Steiner Tree Dreyfus Wagner

Problem definition.

In the Steiner tree problem we are given the set of nonterminals, the set of terminals and the metric m. Our goal is to find a minimum cost tree connecting all terminals (it can possibly contain some nonterminal nodes).

Solution

This algorithm solves exact SteinerTree problem in exponential time in respect of number of terminals.
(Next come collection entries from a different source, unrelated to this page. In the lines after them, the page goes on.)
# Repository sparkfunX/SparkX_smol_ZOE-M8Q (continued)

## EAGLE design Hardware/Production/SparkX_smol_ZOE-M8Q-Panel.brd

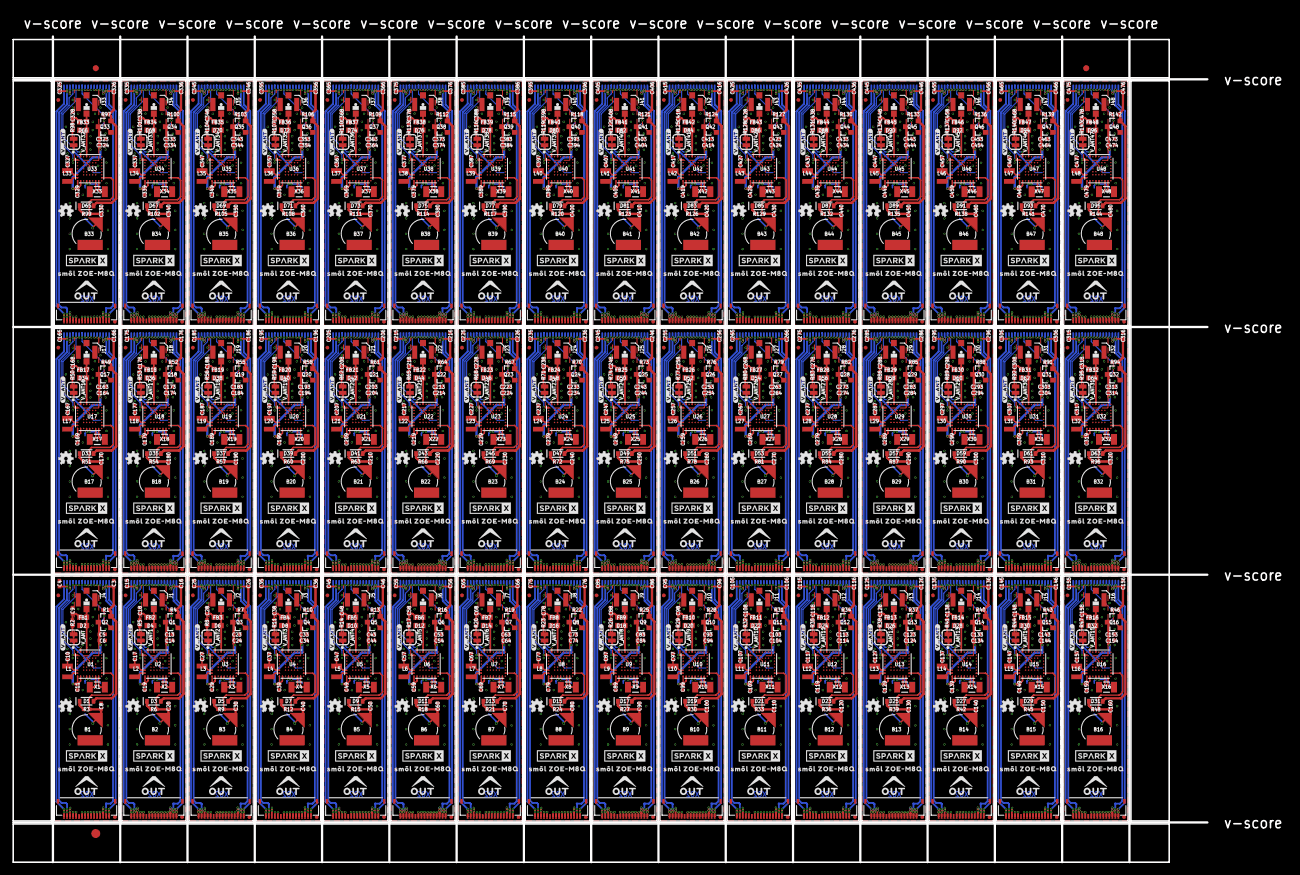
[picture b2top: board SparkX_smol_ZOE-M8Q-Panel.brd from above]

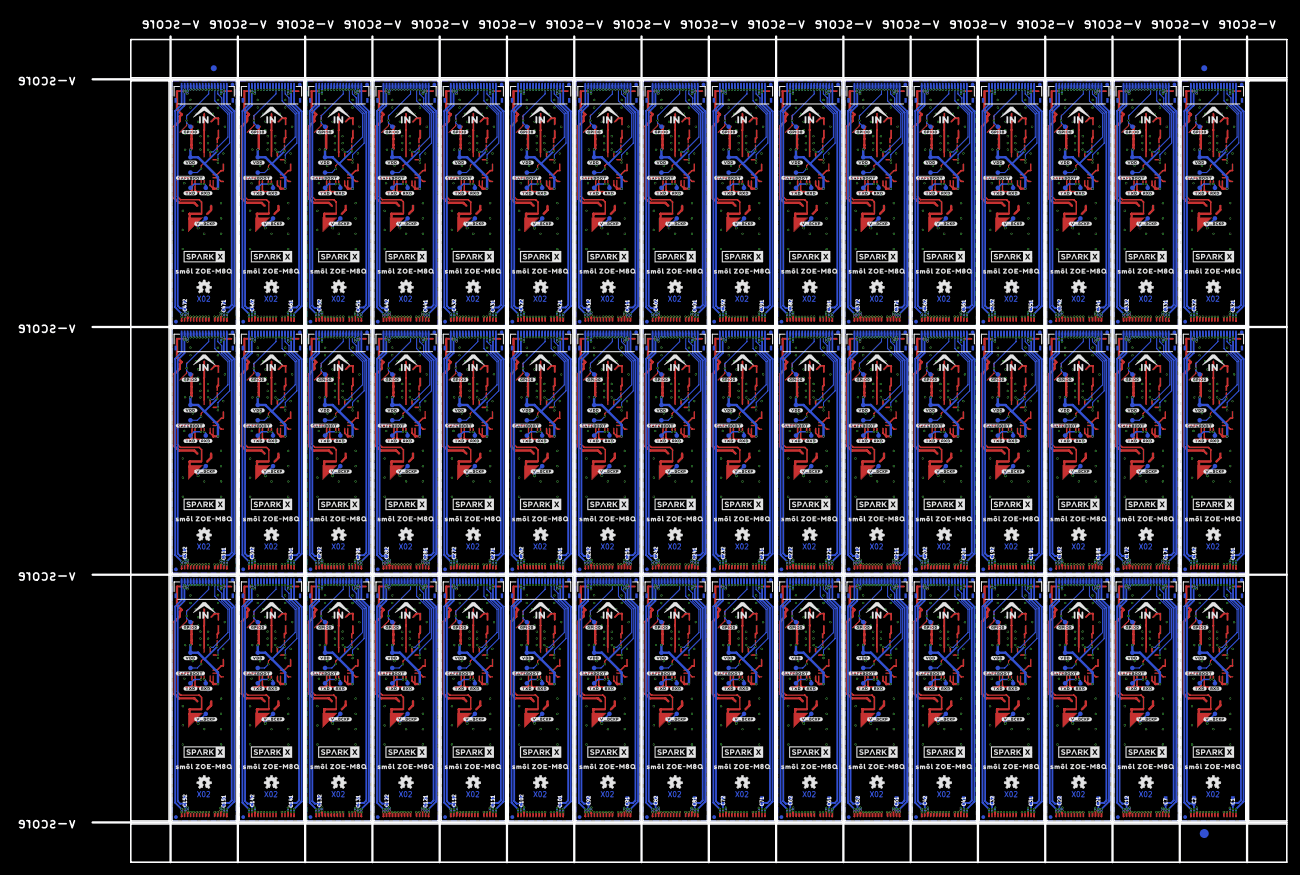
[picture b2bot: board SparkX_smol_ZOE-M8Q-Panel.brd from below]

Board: 4 copper layers, 198.4 x 137.2 mm, 2502 parts (1059 on the bottom side), 1296 nets.

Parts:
!SAFEBOOT!, !SAFEBOOT!1, !SAFEBOOT!2, !SAFEBOOT!3, !SAFEBOOT!4, !SAFEBOOT!5, !SAFEBOOT!6, !SAFEBOOT!7, !SAFEBOOT!8, !SAFEBOOT!9, !SAFEBOOT!10, !SAFEBOOT!11, !SAFEBOOT!12, !SAFEBOOT!13, !SAFEBOOT!14, !SAFEBOOT!15, !SAFEBOOT!16, !SAFEBOOT!17, !SAFEBOOT!18, !SAFEBOOT!19, !SAFEBOOT!20, !SAFEBOOT!21, !SAFEBOOT!22, !SAFEBOOT!23, !SAFEBOOT!24, !SAFEBOOT!25, !SAFEBOOT!26, !SAFEBOOT!27, !SAFEBOOT!28, !SAFEBOOT!29, !SAFEBOOT!30, !SAFEBOOT!31, !SAFEBOOT!32, !SAFEBOOT!33, !SAFEBOOT!34, !SAFEBOOT!35, !SAFEBOOT!36, !SAFEBOOT!37, !SAFEBOOT!38, !SAFEBOOT!39, !SAFEBOOT!40, !SAFEBOOT!41, !SAFEBOOT!42, !SAFEBOOT!43, !SAFEBOOT!44, !SAFEBOOT!45, !SAFEBOOT!46, !SAFEBOOT!47: TEST-POINT3; PAD.03X.03
B1, B2, B3, B4, B5, B6, B7, B8, B9, B10, B11, B12, B13, B14, B15, B16, B17, B18, B19, B20, B21, B22, B23, B24, B25, B26, B27, B28, B29, B30, B31, B32, B33, B34, B35, B36, B37, B38, B39, B40, B41, B42, B43, B44, B45, B46, B47, B48: 6.8MM_COIN_CELL; ML414H_IV01E
C1, C2, C3, C4, C5, C7, C12, C13, C15, C16, C21, C22, C23, C25, C26, C31, C32, C33, C35, C36, C41, C42, C43, C45, C46, C51, C52, C53, C55, C56, C61, C62, C63, C65, C66, C71, C72, C73, C75, C76, C81, C82, C83, C85, C86, C91, C92, C93, C95, C96, C101, C102, C103, C105, C106, C111, C112, C113, C115, C116, C121, C122, C123, C125, C126, C131, C132, C133, C135, C136, C141, C142, C143, C145, C146, C151, C152, C153, C155, C156, C161, C162, C163, C165, C166, C171, C172, C173, C175, C176, C181, C182, C183, C185, C186, C191, C192, C193, C195, C196, C201, C202, C203, C205, C206, C211, C212, C213, C215, C216, C221, C222, C223, C225, C226, C231, C232, C233, C235, C236, C241, C242, C243, C245, C246, C251, C252, C253, C255, C256, C261, C262, C263, C265, C266, C271, C272, C273, C275, C276, C281, C282, C283, C285, C286, C291, C292, C293, C295, C296, C301, C302, C303, C305, C306, C311, C312, C313, C315, C316, C321, C322, C323, C325, C326, C331, C332, C333, C335, C336, C341, C342, C343, C345, C346, C351, C352, C353, C355, C356, C361, C362, C363, C365, C366, C371, C372, C373, C375, C376, C381, C382, C383, C385, C386, C391, C392, C393, C395, C396, C401, C402, C403, C405, C406, C411, C412, C413, C415, C416, C421, C422, C423, C425, C426, C431, C432, C433, C435, C436, C441, C442, C443, C445, C446, C451, C452, C453, C455, C456, C461, C462, C463, C465, C466, C471, C472, C473, C475, C476: 2.2uF; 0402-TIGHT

Not an approximation algorithm by itself, it is used to solve subproblems in many other algorithms.

Example

#include "test/test_utils/sample_graph.hpp"
#include <boost/range/algorithm/copy.hpp>
#include <iostream>
int main() {
// prepare metric
typedef sample_graphs_metrics SGM;
auto gm = SGM::get_graph_metric_steiner();
// prepare terminals and Steiner vertices
std::vector<int> terminals = { SGM::A, SGM::B, SGM::C, SGM::D };
std::vector<int> nonterminals = { SGM::E };
// run algorithm
auto dw =
paal::make_dreyfus_wagner(gm, terminals, nonterminals);
dw.solve();
// print result
std::cout << "Cost = " << dw.get_cost() << std::endl;
std::cout << "Steiner points:" << std::endl;
boost::copy(dw.get_steiner_elements(),
std::ostream_iterator<int>(std::cout, "\n"));
std::cout << "Edges:" << std::endl;
for (auto edge : dw.get_edges()) {
std::cout << "(" << edge.first << "," << edge.second << ")"
<< std::endl;
}
return 0;
}

example file is dreyfus_wagner_example.cpp

Complexity

Complexity of the algorithm is $$O(3^{|T|} * |V| + 2^{|T|} * |V|^2)$$, where T is the set of terminals.

References

The algorithm is described in the [7].